━━ TASK MATERIAL

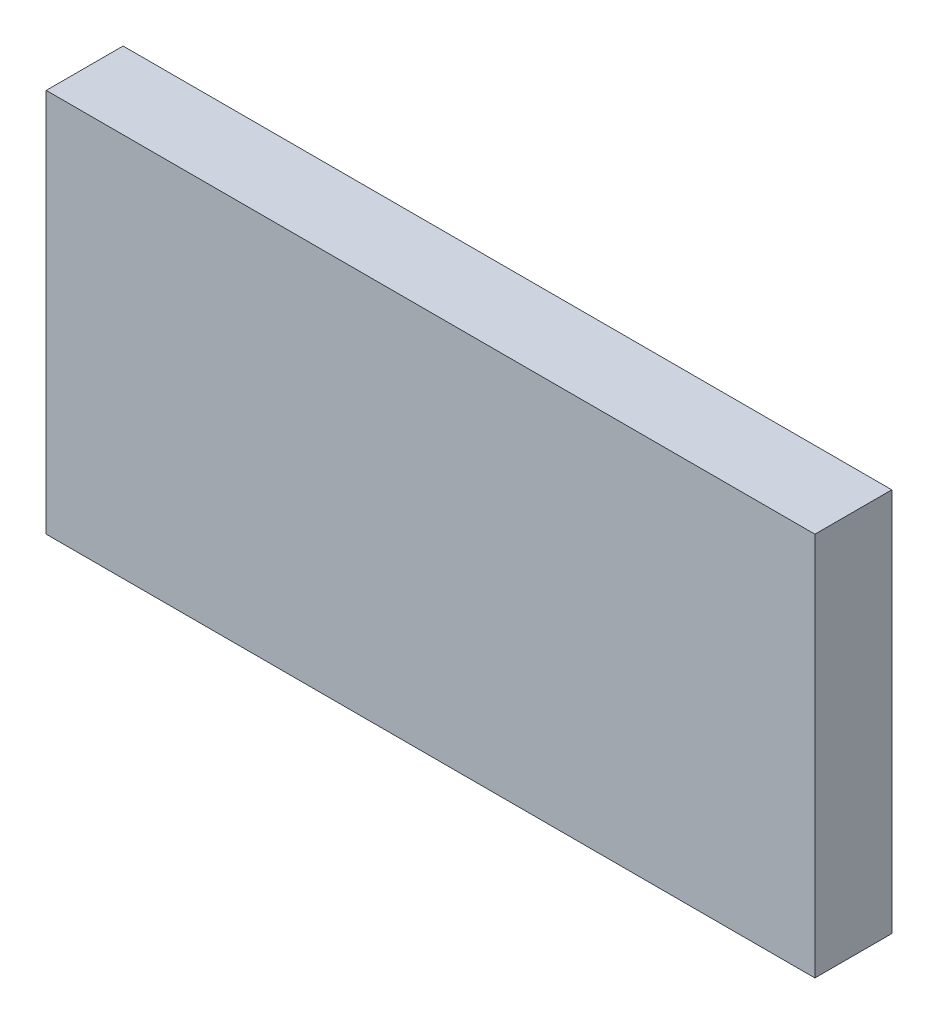
SolidWorks part; units mm, degrees
ref_plane "前视基准面" through (0, 0, 0) normal (0, 0, 1) x (1, 0, 0)
ref_plane "上视基准面" through (0, 0, 0) normal (0, 1, 0) x (1, 0, 0)
ref_plane "右视基准面" through (0, 0, 0) normal (1, 0, 0) x (0, 0, -1)
other "Configuration Table"
sketch "草图1" plane through (0, 0, 0) normal (0, 0, 1) x (1, 0, 0)
  line L1 (0, 0) -> (20, 0)
  line L2 (0, 0) -> (0, 10)
  line L3 (0, 10) -> (20, 10)
  line L4 (20, 0) -> (20, 10)
base flange "基体-法兰1" sketch "草图1" thickness 2 reverse thickness direction no parameters "D1"=2
sketch "折弯-线1" plane through (0, 0, 0) normal (0, 1, 0) x (1, 0, 0)
sketch "边界框1" plane through (0, 0, 0) normal (0, 1, 0) x (1, 0, 0)
sheet metal parameters "钣金6" thickness 2 parameters "D1"=2
flat pattern "平板型式6" [suppressed]
sketch "折弯-线2" plane through (0, 0, 0) normal (0, 1, 0) x (1, 0, 0)
sketch "边界框2" [suppressed] plane through (0, 0, 0) normal (0, 1, 0) x (1, 0, 0)

━━━━

### REQUIREMENT
Without the images, output all the entries exactly as they stand.

### RESPONSE BOX
SolidWorks part; units mm, degrees
ref_plane "前视基准面" through (0, 0, 0) normal (0, 0, 1) x (1, 0, 0)
ref_plane "上视基准面" through (0, 0, 0) normal (0, 1, 0) x (1, 0, 0)
ref_plane "右视基准面" through (0, 0, 0) normal (1, 0, 0) x (0, 0, -1)
other "Configuration Table"
sketch "草图1" plane through (0, 0, 0) normal (0, 0, 1) x (1, 0, 0)
  line L1 (0, 0) -> (20, 0)
  line L2 (0, 0) -> (0, 10)
  line L3 (0, 10) -> (20, 10)
  line L4 (20, 0) -> (20, 10)
base flange "基体-法兰1" sketch "草图1" thickness 2 reverse thickness direction no parameters "D1"=2
sketch "折弯-线1" plane through (0, 0, 0) normal (0, 1, 0) x (1, 0, 0)
sketch "边界框1" plane through (0, 0, 0) normal (0, 1, 0) x (1, 0, 0)
sheet metal parameters "钣金6" thickness 2 parameters "D1"=2
flat pattern "平板型式6" [suppressed]
sketch "折弯-线2" plane through (0, 0, 0) normal (0, 1, 0) x (1, 0, 0)
sketch "边界框2" [suppressed] plane through (0, 0, 0) normal (0, 1, 0) x (1, 0, 0)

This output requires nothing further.